Can we agree they operate 100% of the open standards?


----------



## Asl18940 (Mar 18, 2012)

I use an iMAC.  There is no compatibility issue with the newer reservation system on my computer, and I do not run any of the parallel or similar programs.  There may be something "clicked" on your safari preferences that is causing this issue.


----------



## loosefeet (Mar 18, 2012)

Thanks all.  I am going to upgrade to the latest software, so will see if that fixes things.  Although, I have an IPad 2 and it won't launch.


----------



## pierceit (Mar 18, 2012)

I access the reservation system just fine from my MacBook Pro laptop using Safari.

The reason you are having issues is Apple does not include the Safari Flash plug-in by default like they used to on new Macs.

Just go here to download it:
http://www.adobe.com/software/flash/about/

-Cheers


----------



## pierceit (Mar 18, 2012)

I just re-read some of the posts and your issue may be the Apple device you are using.

If you are using a Mac computer (MacBook, MacBook Pro, iMac) then just download the Flash plugin and you will be able to access the reservation system.

If you are using an iOS device (iPad or iPhone) then you will not be able to currently use the reservation system because they do not natively support Flash.

If you are using an iOS device, on the app store (accessed via your iPad or iPhone) there are some apps you can purchase that are supposed to allow Flash.  They are (in no particular order) Photon Flash Web Browser and Cloud Browse, etc.  With these apps, you access www.hgvc.com via the app (not Safari).  The app creates the connection to the website from one of their servers which has a browser that supports Flash, then it transfers that view to your iOS device.  I know this is probably more info than you might want to know, but you might want to research these as they may help.  

Probably, the only reliable fix will be for Hilton to have their web developers re-code the reservation system using HTML5 instead of Flash.  Then it will work on all devices.

-Cheers


----------



## SmithOp (Mar 18, 2012)

pierceit said:


> Probably, the only reliable fix will be for Hilton to have their web developers re-code the reservation system using HTML5 instead of Flash.  Then it will work on all devices.
> 
> -Cheers



No.
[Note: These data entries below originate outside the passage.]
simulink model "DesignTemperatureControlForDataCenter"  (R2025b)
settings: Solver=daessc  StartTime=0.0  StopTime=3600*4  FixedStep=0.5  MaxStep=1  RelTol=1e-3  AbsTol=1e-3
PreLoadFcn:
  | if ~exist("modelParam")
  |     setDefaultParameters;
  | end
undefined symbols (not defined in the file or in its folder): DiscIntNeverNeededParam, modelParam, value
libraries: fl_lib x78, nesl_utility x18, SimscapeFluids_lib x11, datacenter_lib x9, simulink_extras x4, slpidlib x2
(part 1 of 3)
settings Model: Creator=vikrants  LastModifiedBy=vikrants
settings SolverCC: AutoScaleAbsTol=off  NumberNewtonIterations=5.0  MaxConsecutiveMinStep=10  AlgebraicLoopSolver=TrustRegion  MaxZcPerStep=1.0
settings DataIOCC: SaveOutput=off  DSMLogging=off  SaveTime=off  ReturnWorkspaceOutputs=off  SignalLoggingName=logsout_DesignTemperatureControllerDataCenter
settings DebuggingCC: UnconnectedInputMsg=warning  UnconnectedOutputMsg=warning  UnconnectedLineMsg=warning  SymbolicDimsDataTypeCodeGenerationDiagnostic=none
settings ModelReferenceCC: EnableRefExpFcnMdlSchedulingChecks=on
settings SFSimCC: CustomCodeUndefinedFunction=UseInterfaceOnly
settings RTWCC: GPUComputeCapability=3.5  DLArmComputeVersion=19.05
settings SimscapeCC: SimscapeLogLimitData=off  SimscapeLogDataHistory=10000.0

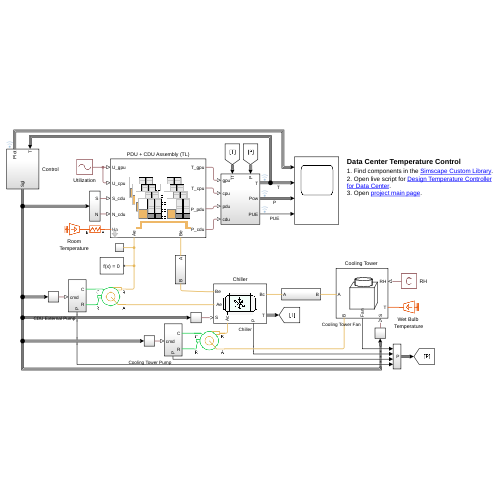
[thumbnail: Simulink's stored preview of the top-level diagram]
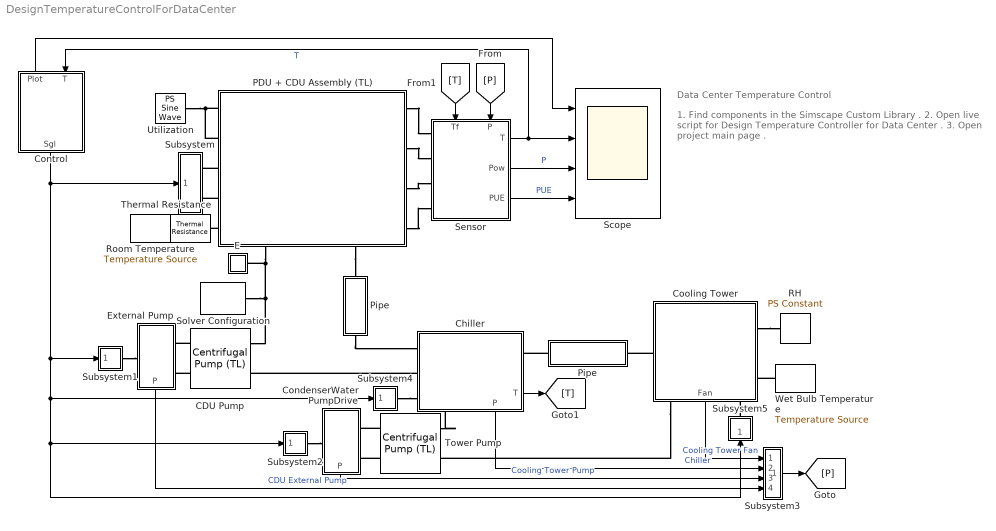
== system DesignTemperatureControlForDataCenter ==
  note: Data Center Temperature Control
  note: 1. Find components in the Simscape Custom Library .
      | 2. Open live script for Design Temperature Controller for Data Center .
      | 3. Open project main page .
  CDU Pump : SimscapeFluids_lib/Thermal Liquid/Pumps & Motors/Centrifugal Pump (TL)  pump_parameterization=fluids.thermal_liquid.pumps_motors.enum.CentrifugalPumpParameterization.Nominal  capacity_ref_nominal=5736% 07-Oct-2026 22:51:40 lpm  head_ref_nominal=33 m  power_ref_nominal=100 kW  head_ref_max=48 m  capacity_ref_max=16520% 07-Oct-2026 22:51:40 lpm  omega_ref_analytic=2400 rpm  flow_rate_1D_TLU=[16.67, 30, 40, 53.33, 66.67, 83.33] lpm  head_1D_TLU=[50, 47.5, 45, 40, 35, 25] m  power_1D_TLU=[.6, .75, .85, .93, .98, .99] kW  omega_ref_1D=3500 rpm  rho_ref_1D=998.21 kg/m^3  omega_threshold_factor=1e-2  flow_rate_2D_TLU=[16.67, 23.33, 30, 40, 53.33, 60] lpm  omega_2D_TLU=[2450, 2800, 3150, 3500] rpm  head_2D_TLU=[25, 32.7, 42.5, 50; 24, 31.7, 41, 49; 22.7, 30.5, 39, 47.5; 20, 28, 36, 45; 15.7, 24, 32, 40; 12.5, 21, 29.5, 37.5] m  power_2D_TLU=[.28, .38, .5, .6; .31, .41, .55, .68; .33, .44, .6, .75; .36, .48, .65, .83; .38, .53, .72, .93; .39, .55, .75, .97] kW  rho_ref_2D=998.21 kg/m^3  diameter_ratio=1  mech_orientation=fluids.thermal_liquid.pumps_motors.enum.CentrifugalPumpMechOrientation.Positive  area=0.01 m^2  operation_check=simscape.enum.assert.action.none
      settings: InternalSimscapePortConfiguration="{\"Bottom\":[],\"Left\":[{\"id\":\"A\",\"label\":\"A\",\"type\":\"foundation.thermal_liquid.thermal_liquid\"},{\"id\":\"B\",\"label\":\"B\",\"type\":\"foundation.thermal_liquid.thermal_liquid\"}],\"Right\":[{\"id\":\"R\",\"label\":\"R\",\"type\":\"foundation.mechanical.rotational.rotational\"},{\"id\":\"C\",\"label\":\"C\",\"type\":\"foundation.mechanical.rotational.rotational\"}],\"Top\":[]}"
  Chiller : Subsystem
      settings: PortSchema="{\"entries\":[{\"content\":{\"sides\":[{\"content\":{\"connectorIds\":[\"LConn1\",\"LConn2\",\"LConn3\"]},\"type\":\"ConnectorPlacement.EquallySpacedRectSide\",\"uuid\":\"5ed28ea1-4316-4f65-adaa-c4c395baecab\"},{\"content\":{\"connectorIds\":[\"RConn1\",\"Out1\"],\"side\":\"RIGHT\"},\"type\":\"ConnectorPlacement.EquallySpacedRectSide\",\"uuid\":\"be940e19-35ef-4c96-93bb-75051a224bd3\"},{\"content\":{\"side\":\"TOP\"},\"type\":\"ConnectorPlacement.EquallySpacedRectSide\",\"uuid\":\"b036d98d-44b0-4d36-b684-218fa73e271c\"},{\"content\":{\"connectorIds\":[\"RConn2\",\"Out2\"],\"side\":\"BOTTOM\"},\"type\":\"ConnectorPlacement.EquallySpacedRectSide\",\"uuid\":\"f31ac10c-e496-4b68-ab88-599a2fb40368\"}]},\"type\":\"ConnectorPlacement.EquallySpacedConnector\",\"uuid\":\"f19a8016-13fc-43c4-a484-59a5b5ad8f66\"}],\"packageUris\":[\"http://schema.mathworks.com/mf0/Connector/R2020b\"],\"version\":\"1.0\"}"
      mask Display: image('icon_Chiller.png');
  CondenserWater PumpDrive : Subsystem
      settings: PortSchema="{\"entries\":[{\"content\":{\"sides\":[{\"content\":{},\"type\":\"ConnectorPlacement.EquallySpacedRectSide\",\"uuid\":\"edaea338-c02b-45e4-bb82-2d3d355c0ecb\"},{\"content\":{\"connectorIds\":[\"Out1\"],\"side\":\"RIGHT\"},\"type\":\"ConnectorPlacement.EquallySpacedRectSide\",\"uuid\":\"dbf9c5c1-eafd-40d4-aa46-26e8ea9aa192\"},{\"content\":{\"connectorIds\":[\"LConn1\",\"LConn2\"],\"side\":\"TOP\"},\"type\":\"ConnectorPlacement.EquallySpacedRectSide\",\"uuid\":\"608efdba-9ff5-4da4-84d8-d12421fbb1b5\"},{\"content\":{\"connectorIds\":[\"RConn1\"],\"side\":\"BOTTOM\"},\"type\":\"ConnectorPlacement.EquallySpacedRectSide\",\"uuid\":\"608ab80a-f5e8-4836-b78e-f2f30ba8946b\"}]},\"type\":\"ConnectorPlacement.EquallySpacedConnector\",\"uuid\":\"d68ea5d9-0a41-4434-9ea5-6f17886b9eb3\"}],\"packageUris\":[\"http://schema.mathworks.com/mf0/Connector/R2020b\"],\"version\":\"1.0\"}"
  Control : Subsystem
      settings: PortSchema="{\"entries\":[{\"content\":{\"sides\":[{\"content\":{},\"type\":\"ConnectorPlacement.EquallySpacedRectSide\",\"uuid\":\"a63835dd-0736-4651-a3a6-af79242b31fb\"},{\"content\":{\"side\":\"RIGHT\"},\"type\":\"ConnectorPlacement.EquallySpacedRectSide\",\"uuid\":\"03a8bfb2-50d7-4ebf-813a-a0a6e11f28b8\"},{\"content\":{\"connectorIds\":[\"Out2\",\"In1\"],\"side\":\"TOP\"},\"type\":\"ConnectorPlacement.EquallySpacedRectSide\",\"uuid\":\"89fea5db-68ca-4c43-b344-545b60b759ce\"},{\"content\":{\"connectorIds\":[\"Out1\"],\"side\":\"BOTTOM\"},\"type\":\"ConnectorPlacement.EquallySpacedRectSide\",\"uuid\":\"0ca3921b-bf69-47aa-b890-d4c74b431990\"}]},\"type\":\"ConnectorPlacement.EquallySpacedConnector\",\"uuid\":\"7f07e0e8-2f26-4107-8e9d-e0237b0af823\"}],\"packageUris\":[\"http://schema.mathworks.com/mf0/Connector/R2020b\"],\"version\":\"1.0\"}"
  "Cooling Tower " : Subsystem
      settings: PortSchema="{\"entries\":[{\"content\":{\"sides\":[{\"content\":{\"connectorIds\":[\"LConn1\"]},\"type\":\"ConnectorPlacement.EquallySpacedRectSide\",\"uuid\":\"fb95f023-248b-4fd8-b2e8-d9442f9ed266\"},{\"content\":{\"connectorIds\":[\"RConn1\",\"RConn2\"],\"side\":\"RIGHT\"},\"type\":\"ConnectorPlacement.EquallySpacedRectSide\",\"uuid\":\"34018b48-7083-4d8d-9b59-330dd3458507\"},{\"content\":{\"side\":\"TOP\"},\"type\":\"ConnectorPlacement.EquallySpacedRectSide\",\"uuid\":\"5b7035e5-549d-4a54-bb0d-bc476d1d6775\"},{\"content\":{\"connectorIds\":[\"RConn3\",\"Out1\",\"RConn4\"],\"side\":\"BOTTOM\"},\"type\":\"ConnectorPlacement.EquallySpacedRectSide\",\"uuid\":\"6fdb7fbc-eae2-40f9-9e2f-d0242d275ed0\"}]},\"type\":\"ConnectorPlacement.EquallySpacedConnector\",\"uuid\":\"c33b1996-e402-4893-a457-f5cd841aa14c\"}],\"packageUris\":[\"http://schema.mathworks.com/mf0/Connector/R2020b\"],\"version\":\"1.0\"}"
      mask Display:
      | color('white')
      | plot(150, 150)
      | plot(-150, -180)
      | color('black')
      | 
      | % Number of points on arcs
      | n = 40;
      | 
      | y1 = 80;
      | w1 = 50;
      | h1 = 10;
      | 
      | y2 = 40;
      | y3 = -100;
      | w2 = 70;
      | h2 = 20;
      | 
      | % Cylinder
      | plot([-w1 -w1] + h2/2, [y1 y2])
      | plot([w1 w1] + h2/2, [y1 y2])
      | plot(cos(linspace(0, 2*pi, n))*w1 + h2/2, sin(linspace(0, 2*pi, n))*h1 + y1)
      | plot(cos(linspace(0, pi, n/2))*w1 + h2/2, -sin(linspace(0, pi, n/2))*h1 + y2)
      | 
      | % Box
      | plot([-w2 w2 w2 -w2 -w2], [y2 y2 y3 y3 y2]-h2)
      | plot([-w2+h2 -w1+h2/2], [y2+h2 y2+h2])
      | plot([w1+h2/2 w2+h2 w2+h2], [y2+h2 y2+h2 y3+h2])
      | plot([w2 w2+h2], [y2-h2 y2+h2])
      | plot([w2 w2+h2], [y3-h2 y3+h2])
      | plot([-w2 -w2+h2], [y2-h2 y2+h2])
  E : Subsystem
  External Pump : Subsystem
      settings: PortSchema="{\"entries\":[{\"content\":{\"sides\":[{\"content\":{},\"type\":\"ConnectorPlacement.EquallySpacedRectSide\",\"uuid\":\"edaea338-c02b-45e4-bb82-2d3d355c0ecb\"},{\"content\":{\"connectorIds\":[\"Out1\"],\"side\":\"RIGHT\"},\"type\":\"ConnectorPlacement.EquallySpacedRectSide\",\"uuid\":\"dbf9c5c1-eafd-40d4-aa46-26e8ea9aa192\"},{\"content\":{\"connectorIds\":[\"LConn1\",\"LConn2\"],\"side\":\"TOP\"},\"type\":\"ConnectorPlacement.EquallySpacedRectSide\",\"uuid\":\"608efdba-9ff5-4da4-84d8-d12421fbb1b5\"},{\"content\":{\"connectorIds\":[\"RConn1\"],\"side\":\"BOTTOM\"},\"type\":\"ConnectorPlacement.EquallySpacedRectSide\",\"uuid\":\"608ab80a-f5e8-4836-b78e-f2f30ba8946b\"}]},\"type\":\"ConnectorPlacement.EquallySpacedConnector\",\"uuid\":\"d68ea5d9-0a41-4434-9ea5-6f17886b9eb3\"}],\"packageUris\":[\"http://schema.mathworks.com/mf0/Connector/R2020b\"],\"version\":\"1.0\"}"
  PDU + CDU Assembly (TL) : Subsystem  mask{nAssembly=60, nTrays=6, nRacks=4, nPumps=2, pumpNominalRPM=3500, pumpCapacityVec=[0.1:0.1:1.2]/998, pumpRefHeadVec=[239, 238.5, 232, 230, 222, 216, 208, 196, 186, 170,150,130], pumpRefBrkPowVec=1000*[0.3,0.4,0.45,0.5,0.55,0.6,0.65,0.7,0.75,0.78,0.79,0.798], pumpEff=[20,40,50,60,65,70,75,75,75,73,68,60]/100, speedLimFactor=5, pumpImpellerDiaFactor=1, extFluidMdot=[.3, .5, 1, 1.3, 1.7, 2, 2.6, 3.3], extFluidPrDrop=0.1*[9,25,100,169,289,400,676,1090]%20*ones(1,8), extFluidVol=0.01, extFluidPipeArea=0.01*2, intFluidMdot=[.3, .5, .6, .7, 1, 1.4, 1.9, 2.3], intFluidPrDrop=[9,25,100,169,289,400,676,1090]*5%1000*ones(1,8), intFluidVol=0.01, intFluidPipeArea=0.01, spDissipationTbl=1000*[.324, .3533, .404, .4253, .4333, .4373, .4453, .4533; .3813, .424, .496, .5307, .544, .5547, .5693, .5787; .4267, .4827, .5813, .6173, .6413, .6573, .672, .6827; .4613, .528, .64, .6987, .7267, .7467, .7707, .7853; .5533, .6467, .8227, .928, .9853, 1.0187, 1.0653, 1.0973; .58, .688, .8853, 1.0147, 1.08, 1.124, 1.176, 1.2147; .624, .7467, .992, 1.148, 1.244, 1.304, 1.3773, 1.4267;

Hilton needs to dump Revolution and upgrade the Classic to HTML 5. 

We want to make fast reservations based on accurate and timely availability. 
We dont need silly flashing graphics wasting our time.


----------



## Remy (Mar 18, 2012)

Mac computers run the Revolution system just fine. iOS devices can only run the classic system. Click the "Classic" link below Revolution's giant "BOOK NOW" link.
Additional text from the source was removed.